# So Mes Up



## liz22012 (Jan 12, 2018)

I don't know what to think anymore. I spoke with a few attorneys and off the bat they say you will need to pay him alimony to keep him in his lifestyle. I explain he can work but he chooses to work as little as possible. The attorney should fight for me but they say you have to give him 30 to 40% of your salary. This tells me no negotiation just it it is what it is.
Amazing he has not given me any money for 9 months and has not lived here. I pay his bills because everything is in my name. He spends his paychecks on video games and what ever else. Every time I ask him when will you find a better job all he says I will.
I will struggle when he sits back living at a place rent free and spending money.
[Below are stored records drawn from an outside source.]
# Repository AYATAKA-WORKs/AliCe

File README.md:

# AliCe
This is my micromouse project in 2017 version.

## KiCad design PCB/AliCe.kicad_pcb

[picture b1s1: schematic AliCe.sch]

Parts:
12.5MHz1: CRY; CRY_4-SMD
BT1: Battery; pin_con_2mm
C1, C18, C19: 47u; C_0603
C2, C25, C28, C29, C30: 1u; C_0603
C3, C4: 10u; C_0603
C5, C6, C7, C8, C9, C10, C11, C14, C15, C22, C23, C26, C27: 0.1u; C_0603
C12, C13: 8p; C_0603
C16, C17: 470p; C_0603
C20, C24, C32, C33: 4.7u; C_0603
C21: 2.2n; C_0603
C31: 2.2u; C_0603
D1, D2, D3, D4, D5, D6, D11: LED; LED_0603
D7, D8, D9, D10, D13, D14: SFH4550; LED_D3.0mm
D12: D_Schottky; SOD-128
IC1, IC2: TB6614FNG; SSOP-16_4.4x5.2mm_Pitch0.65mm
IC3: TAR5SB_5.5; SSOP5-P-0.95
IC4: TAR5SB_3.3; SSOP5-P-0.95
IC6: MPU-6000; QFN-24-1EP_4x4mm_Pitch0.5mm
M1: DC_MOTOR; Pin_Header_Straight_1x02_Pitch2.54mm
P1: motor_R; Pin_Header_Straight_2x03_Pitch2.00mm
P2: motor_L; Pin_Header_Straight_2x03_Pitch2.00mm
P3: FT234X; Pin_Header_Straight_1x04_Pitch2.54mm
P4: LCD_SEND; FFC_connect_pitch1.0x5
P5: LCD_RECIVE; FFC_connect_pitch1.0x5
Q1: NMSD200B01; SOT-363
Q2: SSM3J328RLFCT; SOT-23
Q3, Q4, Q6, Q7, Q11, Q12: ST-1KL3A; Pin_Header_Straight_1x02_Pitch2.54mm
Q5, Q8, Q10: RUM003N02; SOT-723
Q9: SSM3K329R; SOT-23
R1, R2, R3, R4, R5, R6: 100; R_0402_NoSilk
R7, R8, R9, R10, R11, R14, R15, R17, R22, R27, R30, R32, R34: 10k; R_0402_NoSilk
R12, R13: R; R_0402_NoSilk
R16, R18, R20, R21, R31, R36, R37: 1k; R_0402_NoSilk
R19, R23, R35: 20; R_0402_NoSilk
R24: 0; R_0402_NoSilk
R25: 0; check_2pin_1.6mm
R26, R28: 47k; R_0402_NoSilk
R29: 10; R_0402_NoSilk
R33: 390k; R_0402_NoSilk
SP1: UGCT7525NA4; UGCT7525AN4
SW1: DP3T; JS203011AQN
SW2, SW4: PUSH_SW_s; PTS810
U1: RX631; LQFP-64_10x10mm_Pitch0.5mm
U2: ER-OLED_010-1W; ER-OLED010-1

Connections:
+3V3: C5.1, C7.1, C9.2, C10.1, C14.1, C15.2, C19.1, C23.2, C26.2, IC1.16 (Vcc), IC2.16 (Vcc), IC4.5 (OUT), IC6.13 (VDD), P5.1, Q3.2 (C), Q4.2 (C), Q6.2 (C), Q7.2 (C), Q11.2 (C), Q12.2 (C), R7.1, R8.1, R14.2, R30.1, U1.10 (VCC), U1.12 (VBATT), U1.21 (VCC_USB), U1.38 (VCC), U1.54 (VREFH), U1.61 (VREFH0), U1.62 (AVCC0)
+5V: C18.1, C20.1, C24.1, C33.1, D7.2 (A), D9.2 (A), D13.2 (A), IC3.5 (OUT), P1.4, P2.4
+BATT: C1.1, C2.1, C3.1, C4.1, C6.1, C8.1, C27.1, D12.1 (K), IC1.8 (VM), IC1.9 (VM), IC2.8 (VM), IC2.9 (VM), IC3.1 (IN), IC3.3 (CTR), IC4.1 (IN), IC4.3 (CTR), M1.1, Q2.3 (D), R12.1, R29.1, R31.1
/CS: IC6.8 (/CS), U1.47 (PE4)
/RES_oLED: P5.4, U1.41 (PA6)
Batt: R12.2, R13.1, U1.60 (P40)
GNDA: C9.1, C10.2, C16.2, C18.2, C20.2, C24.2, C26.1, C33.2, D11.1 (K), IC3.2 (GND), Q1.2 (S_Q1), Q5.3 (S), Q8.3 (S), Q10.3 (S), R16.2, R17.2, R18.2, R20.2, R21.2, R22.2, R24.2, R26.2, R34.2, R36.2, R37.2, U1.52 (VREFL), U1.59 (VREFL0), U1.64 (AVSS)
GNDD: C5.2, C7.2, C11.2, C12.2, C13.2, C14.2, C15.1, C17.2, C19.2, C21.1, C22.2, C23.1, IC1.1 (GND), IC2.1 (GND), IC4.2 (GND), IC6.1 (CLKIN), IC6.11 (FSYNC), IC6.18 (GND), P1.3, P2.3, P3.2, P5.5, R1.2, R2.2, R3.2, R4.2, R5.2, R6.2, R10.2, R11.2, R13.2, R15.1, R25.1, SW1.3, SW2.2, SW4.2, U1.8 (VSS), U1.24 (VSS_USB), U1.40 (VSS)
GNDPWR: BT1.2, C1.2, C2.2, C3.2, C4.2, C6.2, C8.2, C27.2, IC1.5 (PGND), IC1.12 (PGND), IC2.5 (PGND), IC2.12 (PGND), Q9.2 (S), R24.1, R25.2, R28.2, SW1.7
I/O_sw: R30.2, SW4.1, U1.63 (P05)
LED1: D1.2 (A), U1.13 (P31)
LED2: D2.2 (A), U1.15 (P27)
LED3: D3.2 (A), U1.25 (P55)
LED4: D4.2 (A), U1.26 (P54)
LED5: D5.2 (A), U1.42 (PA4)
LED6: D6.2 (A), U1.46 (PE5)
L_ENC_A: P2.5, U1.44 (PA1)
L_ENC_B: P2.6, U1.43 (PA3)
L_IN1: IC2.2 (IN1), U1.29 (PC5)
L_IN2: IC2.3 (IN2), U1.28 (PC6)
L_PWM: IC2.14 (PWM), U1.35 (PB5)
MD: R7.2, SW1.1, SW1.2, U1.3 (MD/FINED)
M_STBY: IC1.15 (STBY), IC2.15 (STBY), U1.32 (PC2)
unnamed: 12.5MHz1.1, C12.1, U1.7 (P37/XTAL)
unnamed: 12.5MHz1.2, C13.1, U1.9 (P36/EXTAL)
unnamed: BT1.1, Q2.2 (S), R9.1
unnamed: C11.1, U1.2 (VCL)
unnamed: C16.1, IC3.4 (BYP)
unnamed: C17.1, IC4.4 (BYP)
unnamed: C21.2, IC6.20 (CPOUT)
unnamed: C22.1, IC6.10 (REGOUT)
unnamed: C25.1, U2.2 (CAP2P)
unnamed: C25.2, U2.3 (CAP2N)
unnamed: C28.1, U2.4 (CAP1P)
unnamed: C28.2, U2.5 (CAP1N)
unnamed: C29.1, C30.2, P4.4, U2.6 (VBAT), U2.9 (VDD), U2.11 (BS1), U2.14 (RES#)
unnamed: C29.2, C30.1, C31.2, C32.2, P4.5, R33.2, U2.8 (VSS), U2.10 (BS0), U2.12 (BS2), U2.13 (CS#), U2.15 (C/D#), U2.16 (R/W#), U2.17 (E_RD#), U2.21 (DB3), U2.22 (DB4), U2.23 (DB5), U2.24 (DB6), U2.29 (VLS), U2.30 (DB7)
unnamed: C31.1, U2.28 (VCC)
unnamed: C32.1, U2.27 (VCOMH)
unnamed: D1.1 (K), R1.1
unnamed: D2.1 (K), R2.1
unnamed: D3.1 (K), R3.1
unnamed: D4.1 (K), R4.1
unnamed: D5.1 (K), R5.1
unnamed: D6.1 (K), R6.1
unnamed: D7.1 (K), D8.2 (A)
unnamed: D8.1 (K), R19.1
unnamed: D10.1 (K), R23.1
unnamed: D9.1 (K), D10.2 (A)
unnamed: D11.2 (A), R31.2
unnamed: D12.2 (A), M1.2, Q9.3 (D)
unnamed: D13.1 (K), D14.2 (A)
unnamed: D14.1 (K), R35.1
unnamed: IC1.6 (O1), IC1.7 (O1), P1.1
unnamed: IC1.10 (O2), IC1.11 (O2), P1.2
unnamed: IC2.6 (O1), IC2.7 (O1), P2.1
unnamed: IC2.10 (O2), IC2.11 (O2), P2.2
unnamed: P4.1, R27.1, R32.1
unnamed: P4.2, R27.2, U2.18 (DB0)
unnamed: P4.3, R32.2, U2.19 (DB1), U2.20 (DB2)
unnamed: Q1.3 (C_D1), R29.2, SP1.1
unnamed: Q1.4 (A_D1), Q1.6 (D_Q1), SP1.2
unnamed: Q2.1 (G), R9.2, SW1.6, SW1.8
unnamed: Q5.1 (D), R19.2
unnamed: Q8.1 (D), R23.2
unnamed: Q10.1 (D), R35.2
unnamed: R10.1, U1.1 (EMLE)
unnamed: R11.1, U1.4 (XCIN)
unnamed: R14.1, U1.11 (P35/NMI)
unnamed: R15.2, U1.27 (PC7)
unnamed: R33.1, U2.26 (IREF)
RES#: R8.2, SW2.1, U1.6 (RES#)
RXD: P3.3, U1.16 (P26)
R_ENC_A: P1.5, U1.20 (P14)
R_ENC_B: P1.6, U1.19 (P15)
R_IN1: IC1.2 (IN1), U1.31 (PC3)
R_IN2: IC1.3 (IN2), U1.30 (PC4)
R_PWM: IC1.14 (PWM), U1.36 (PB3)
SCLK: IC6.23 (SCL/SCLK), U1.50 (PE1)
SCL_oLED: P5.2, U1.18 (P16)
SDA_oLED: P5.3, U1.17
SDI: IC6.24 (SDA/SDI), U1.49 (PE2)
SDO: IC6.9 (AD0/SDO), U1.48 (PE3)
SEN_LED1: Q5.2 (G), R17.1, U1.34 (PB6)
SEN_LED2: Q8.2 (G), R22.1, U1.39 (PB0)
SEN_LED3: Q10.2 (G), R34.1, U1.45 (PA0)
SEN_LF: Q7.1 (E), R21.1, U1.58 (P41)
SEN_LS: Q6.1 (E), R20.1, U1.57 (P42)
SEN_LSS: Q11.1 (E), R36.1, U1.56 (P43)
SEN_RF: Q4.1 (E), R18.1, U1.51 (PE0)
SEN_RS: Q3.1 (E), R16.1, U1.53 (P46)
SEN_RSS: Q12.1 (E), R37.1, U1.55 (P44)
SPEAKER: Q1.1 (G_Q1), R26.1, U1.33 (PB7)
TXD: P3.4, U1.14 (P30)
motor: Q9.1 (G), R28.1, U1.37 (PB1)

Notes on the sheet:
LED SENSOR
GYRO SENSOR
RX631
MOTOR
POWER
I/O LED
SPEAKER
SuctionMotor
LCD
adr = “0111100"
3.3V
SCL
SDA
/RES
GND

I now realize I can't do anything but give him weekly checks and he will live better then me for not working.


----------



## Lostinthought61 (Nov 5, 2013)

Sadly these are the same divorce laws that we men have had to deal with for decades.


----------



## honcho (Oct 5, 2013)

In any divorce the higher wage earner gets penalized. You mentioned he got fired. If it was for cause the judge could very well impute a wage equivalent to what he was earning which might make the alimony hit less. This was the case in my divorce, my ex had been fired for cause from a job, did nothing for a couple of years till she started working parttime, 10 hours a week. I would have been hammered in alimony but the judge imputed her wage to what she was making at the time of her firing. I still had to pay alimony but was about half of what she thought she would receive.


----------



## Broken_in_Brooklyn (Feb 21, 2013)

liz22012 said:


> I don't know what to think anymore. I spoke with a few attorneys and off the bat they say you will need to pay him alimony to keep him in his lifestyle. I explain he can work but he chooses to work as little as possible. The attorney should fight for me but they say you have to give him 30 to 40% of your salary. This tells me no negotiation just it it is what it is.
> Amazing he has not given me any money for 9 months and has not lived here. I pay his bills because everything is in my name. He spends his paychecks on video games and what ever else. Every time I ask him when will you find a better job all he says I will.
> I will struggle when he sits back living at a place rent free and spending money. I now realize I can't do anything but give him weekly checks and he will live better then me for not working.


Turn off everything in his name. Did you sign a lease where he is staying?


----------